A business plan outlines your goals and serves as your company's identifying mission. A detailed business plan can be very lengthy, but aim for no more than 20 pages, and always have a one-page Executive Summary. Here are some crucial points to cover:
- Concept. What product will you sell? Who will buy it? What makes the product competitive?
- Purpose. Clearly state what you need from potential investors.
- Financials. How much capital will you need to get started and how will it be spent? Expenses should include your salary, production costs, and depending on your arrangement, money to repay investors. Don't forget to include estimated sales, cash-flow, and of course, the profits.
Be exceptionally careful calculating how much capital you will need--underestimating can be a major downfall. A general rule of thumb is to guess how much you think you need now, and then double it. Consider how fast you will likely grow, and don't rely on the customers to cover that growth. Often, you will have to pay your suppliers before the customers ever pay you.
- Operation and management. Who are the owners and other key managers? What is their background? Have they started a business before?
- Achievements. Mention what you have already accomplished such as awards, patents, customer commitments or contracts, other committed investors, and anything else that will help give reassurance to investors or lenders.

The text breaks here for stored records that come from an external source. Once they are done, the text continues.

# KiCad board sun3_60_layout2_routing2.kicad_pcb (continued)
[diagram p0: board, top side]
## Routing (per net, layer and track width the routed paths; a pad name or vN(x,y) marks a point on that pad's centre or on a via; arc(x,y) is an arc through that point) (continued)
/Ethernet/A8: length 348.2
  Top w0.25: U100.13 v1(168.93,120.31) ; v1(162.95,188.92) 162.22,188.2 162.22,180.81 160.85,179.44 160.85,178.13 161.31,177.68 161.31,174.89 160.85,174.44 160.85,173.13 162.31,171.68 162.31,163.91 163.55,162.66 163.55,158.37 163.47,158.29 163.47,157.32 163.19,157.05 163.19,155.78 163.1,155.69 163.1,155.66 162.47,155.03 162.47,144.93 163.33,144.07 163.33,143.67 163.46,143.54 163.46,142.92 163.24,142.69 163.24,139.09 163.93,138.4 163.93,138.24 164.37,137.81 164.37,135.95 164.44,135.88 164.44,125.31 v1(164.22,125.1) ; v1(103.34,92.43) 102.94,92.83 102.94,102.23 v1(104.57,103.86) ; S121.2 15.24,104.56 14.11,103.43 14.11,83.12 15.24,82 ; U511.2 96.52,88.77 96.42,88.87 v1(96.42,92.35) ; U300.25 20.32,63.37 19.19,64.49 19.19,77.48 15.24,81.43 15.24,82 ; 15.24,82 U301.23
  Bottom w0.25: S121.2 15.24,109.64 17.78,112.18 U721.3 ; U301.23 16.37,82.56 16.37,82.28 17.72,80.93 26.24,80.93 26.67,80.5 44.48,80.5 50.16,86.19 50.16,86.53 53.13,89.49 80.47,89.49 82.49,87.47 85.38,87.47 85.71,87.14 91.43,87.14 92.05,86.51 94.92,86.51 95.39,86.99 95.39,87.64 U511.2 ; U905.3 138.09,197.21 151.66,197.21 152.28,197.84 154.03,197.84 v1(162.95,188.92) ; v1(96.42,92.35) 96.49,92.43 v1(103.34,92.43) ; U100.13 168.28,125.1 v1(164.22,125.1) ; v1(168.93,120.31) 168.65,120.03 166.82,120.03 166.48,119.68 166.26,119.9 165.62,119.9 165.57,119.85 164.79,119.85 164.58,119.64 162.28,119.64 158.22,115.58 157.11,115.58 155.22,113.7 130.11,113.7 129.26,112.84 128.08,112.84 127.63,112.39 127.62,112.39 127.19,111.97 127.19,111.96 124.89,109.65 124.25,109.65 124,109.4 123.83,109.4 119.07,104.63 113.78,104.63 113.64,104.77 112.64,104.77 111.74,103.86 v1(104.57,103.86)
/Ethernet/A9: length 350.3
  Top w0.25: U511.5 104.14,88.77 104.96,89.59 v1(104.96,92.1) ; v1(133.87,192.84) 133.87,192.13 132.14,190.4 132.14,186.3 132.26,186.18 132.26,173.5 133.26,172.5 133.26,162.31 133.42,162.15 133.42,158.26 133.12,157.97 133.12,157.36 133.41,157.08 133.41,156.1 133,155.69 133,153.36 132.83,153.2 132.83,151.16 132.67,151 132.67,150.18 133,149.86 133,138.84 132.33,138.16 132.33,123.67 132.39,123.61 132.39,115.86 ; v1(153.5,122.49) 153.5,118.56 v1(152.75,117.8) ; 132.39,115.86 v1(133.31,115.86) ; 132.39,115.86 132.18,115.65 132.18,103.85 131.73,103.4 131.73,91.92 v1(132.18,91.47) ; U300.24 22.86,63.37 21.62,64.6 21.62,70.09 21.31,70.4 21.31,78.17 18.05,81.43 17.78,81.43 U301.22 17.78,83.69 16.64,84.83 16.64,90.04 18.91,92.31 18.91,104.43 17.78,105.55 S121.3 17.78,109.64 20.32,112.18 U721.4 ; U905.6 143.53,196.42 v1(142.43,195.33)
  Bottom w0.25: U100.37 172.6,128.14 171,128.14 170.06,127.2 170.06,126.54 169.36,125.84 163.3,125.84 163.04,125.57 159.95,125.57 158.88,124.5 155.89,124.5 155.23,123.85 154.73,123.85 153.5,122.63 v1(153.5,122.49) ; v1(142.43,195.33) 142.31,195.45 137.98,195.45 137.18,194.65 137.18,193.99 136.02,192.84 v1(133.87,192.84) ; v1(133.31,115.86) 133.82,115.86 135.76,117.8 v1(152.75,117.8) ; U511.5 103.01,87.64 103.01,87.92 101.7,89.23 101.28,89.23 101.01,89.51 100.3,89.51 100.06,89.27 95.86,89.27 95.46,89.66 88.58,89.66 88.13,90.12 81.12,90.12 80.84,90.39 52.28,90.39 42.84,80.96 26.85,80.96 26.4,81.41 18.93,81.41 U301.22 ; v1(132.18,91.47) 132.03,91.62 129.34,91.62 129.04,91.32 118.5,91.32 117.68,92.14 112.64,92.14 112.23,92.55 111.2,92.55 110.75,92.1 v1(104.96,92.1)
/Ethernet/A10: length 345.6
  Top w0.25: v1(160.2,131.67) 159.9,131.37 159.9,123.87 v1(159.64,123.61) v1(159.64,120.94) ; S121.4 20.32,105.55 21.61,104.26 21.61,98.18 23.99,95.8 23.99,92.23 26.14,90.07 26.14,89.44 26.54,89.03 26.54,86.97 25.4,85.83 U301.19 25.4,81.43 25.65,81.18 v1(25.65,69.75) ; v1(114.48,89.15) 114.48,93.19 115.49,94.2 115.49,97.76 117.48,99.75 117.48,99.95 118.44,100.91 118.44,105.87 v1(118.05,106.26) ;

Once you have your business plan you can realistically begin hunting for funding. There are several types of investors to consider:
- Friends and family offer "pre-seed" money that helps lay a foundation. Make clear that this is a high-risk investment, that you might fail, and that you might not be able to pay them back. Services like circlelending.com can act as a professional intermediary during repayment.
- Angel Investors provide "seed money" and are willing to wait it out for long-term results. Angels provide more than friends or family can, but often expect a higher return on their money. Visit angelcapitalassociation.org for a directory of networks by region.
- Venture Capitalists (VCs) invest large amounts of money, look for big gains in a short time, and make higher risk investments. You will likely surrender much of the company control to these types of investors. VCs often invest after Angels and once a company has an initial track record. Funding like this is rare, so don't hold your breath.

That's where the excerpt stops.